In 2003, a St. Paul woman sued the university, accusing the school of forcibly enrolling her son in an AstraZenca-funded clinical trial involving Seroquel. The man later killed himself. An FDA investigation ultimately found no evidence of wrongdoing, and a federal judge dismissed the lawsuit.
The list goes on. Dr. David Polly, an orthopedic surgeon, drew fire for his consulting deals with Medtronic Inc.
The Star Tribune reported that Dr. Leo Furcht had funneled university grant money into a company he ultimately sold for nearly $10 million. Furcht had been serving as co-chair of a task force drafting new rules on conflict-of-interest problems.
Deborah Powell, who had appointed Furcht to the task force, ultimately stepped down as dean of the medical school. She was replaced by Cerra — the first person to head both the medical school and the academic health center.
Cerra has steadfastly defended the school’s need to collaborate with outside companies. Nevertheless in August, the academic health center released new rules governing potential conflicts of interest between personnel in its medical school and business interests, including drug and medical device companies.
All of the people covered by the health center’s new policy must report their financial interests, as well as executive positions and board memberships, to the university annually. The dollar threshold for triggering a conflict-of-interest review by an internal committee is $5,000 at the academic health center, compared with $10,000 for others at the university.
Cerra praises the new policy, but others aren’t so happy. Gary Schwitzer, a former university health journalism professor recruited by Dr. Furcht to serve on the task force, said the school rushed the process.

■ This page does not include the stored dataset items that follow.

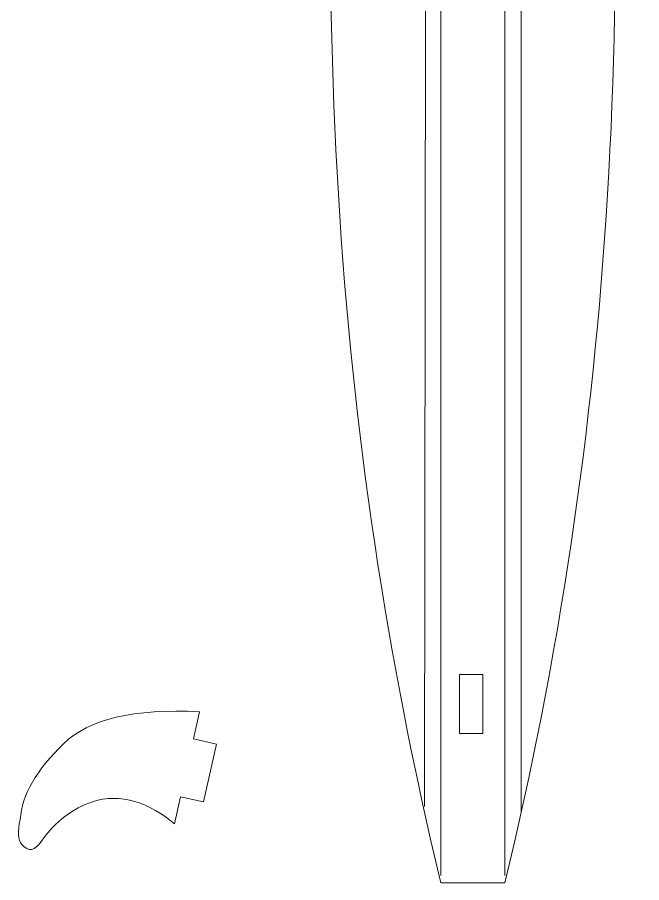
# Model space of a CAD drawing. Header units: millimetres. Extents: x -516 to 519, y -297 to 340.
# Drawn here: x -340.4 to -255.8, y 105.8 to 223 of the extents above; entities that cross this region are included whole.
import ezdxf

# ---------------------------------------------------------------- set-up
doc = ezdxf.new("R2010")
doc.units = ezdxf.units.MM
doc.header["$MEASUREMENT"] = 0
doc.layers.add('layer 1', color=7, linetype='Continuous')

msp = doc.modelspace()

# ---------------------------------------------------------------- linework, layer by layer
at = {"layer": 'layer 1', "color": 250, "lineweight": 9}
for points, knots in [([(-274.3724, 105.8042), (-259.7291, 166.1647), (-255.8487, 230.1061), (-262.7312, 297.6282), (-264.952, 315.007), (-268.8324, 327.7953), (-274.3724, 335.9931), (-277.3833, 340.1569), (-280.2762, 340.1569), (-283.0509, 335.9931), (-288.5909, 327.7953), (-292.4713, 315.007), (-294.6921, 297.6282), (-301.5746, 230.1061), (-297.6942, 166.1647), (-283.0509, 105.8042), (-283.0509, 105.8042), (-274.3724, 105.8042), (-274.3724, 105.8042)], [0, 0, 0, 0, 0.16666667, 0.16666667, 0.16666667, 0.33333333, 0.33333333, 0.33333333, 0.5, 0.5, 0.5, 0.66666667, 0.66666667, 0.66666667, 0.83333333, 0.83333333, 0.83333333, 1, 1, 1, 1]), ([(-277.349, 134.0076), (-277.349, 134.0076), (-280.549, 134.0076), (-280.549, 134.0076), (-280.549, 134.0076), (-280.549, 126.0033), (-280.549, 126.0033), (-280.549, 126.0033), (-277.349, 126.0033), (-277.349, 126.0033), (-277.349, 126.0033), (-277.349, 134.0076), (-277.349, 134.0076)], [0, 0, 0, 0, 0.25, 0.25, 0.25, 0.5, 0.5, 0.5, 0.75, 0.75, 0.75, 1, 1, 1, 1]), ([(-334.155, 124.6165), (-330.7968, 127.9533), (-324.6584, 129.3996), (-315.7399, 128.9556), (-315.7399, 128.9556), (-316.5678, 125.2623), (-316.5678, 125.2623), (-316.5678, 125.2623), (-313.4453, 124.5624), (-313.4453, 124.5624), (-313.4453, 124.5624), (-315.196, 116.7519), (-315.196, 116.7519), (-315.196, 116.7519), (-318.3185, 117.4518), (-318.3185, 117.4518), (-318.3185, 117.4518), (-319.1463, 113.7586), (-319.1463, 113.7586), (-322.3541, 116.5941), (-326.5325, 118.0066), (-330.2392, 116.7586), (-332.9496, 115.8587), (-335.225, 114.13), (-337.0654, 111.5727), (-338.0327, 110.0977), (-338.95, 109.9036), (-339.8171, 110.9906), (-340.3615, 111.5817), (-340.4321, 112.7106), (-340.0288, 114.3773), (-339.7946, 117.6758), (-337.8367, 121.0889), (-334.155, 124.6165)], [0, 0, 0, 0, 0.09090909, 0.09090909, 0.09090909, 0.18181818, 0.18181818, 0.18181818, 0.27272727, 0.27272727, 0.27272727, 0.36363636, 0.36363636, 0.36363636, 0.45454545, 0.45454545, 0.45454545, 0.54545455, 0.54545455, 0.54545455, 0.63636364, 0.63636364, 0.63636364, 0.72727273, 0.72727273, 0.72727273, 0.81818182, 0.81818182, 0.81818182, 0.90909091, 0.90909091, 0.90909091, 1, 1, 1, 1])]:
    msp.add_open_spline(points, degree=3, knots=knots, dxfattribs=at)
at = {"layer": 'layer 1', "color": 242, "lineweight": 20}
for points in [[(-283.0509, 335.9931), (-283.0509, 335.9931), (-283.0509, 106.7768), (-283.0509, 106.7768)], [(-274.3724, 335.9931), (-274.3724, 335.9931), (-274.3724, 106.7768), (-274.3724, 106.7768)], [(-285.2677, 116.1319), (-285.2677, 116.1319), (-285.0142, 332.7415), (-285.0142, 332.7415)], [(-272.1556, 332.3032), (-272.1556, 332.3032), (-272.1556, 115.3382), (-272.1556, 115.3382)]]:
    msp.add_open_spline(points, degree=3, dxfattribs=at)

doc.saveas('drawing.dxf')

The result was a watered-down policy that omits key recommendations, such as banning industry efforts to fund education events for faculty, Schwitzer said.
Cerra has largely escaped the turmoil unscathed. Even faculty members who have been openly critical of Cerra declined to comment for this story because of his impending retirement.
Schwitzer, who now runs the HealthNewsReview blog, said he does not know Cerra personally. However, holding top university officials like Cerra and president Robert Bruininks (a Cerra ally who’s also retiring) accountable for the medical school’s problems is perfectly legitimate, he said.
“Somebody has to be responsible,” Schwitzer said.
Cerra’s supporters say his record speaks for itself.
Cerra is “not flashy and keeps a low profile, but when he weighs in on an issue, you feel it,” Bianco said.” He’s obviously made a few enemies and detractors along the way, but that’s to be expected when true leadership is applied in such a complex organization and culture like the university’s.”
“You can’t argue with his success orthe long term impact he’s had on the academic health center,” he said.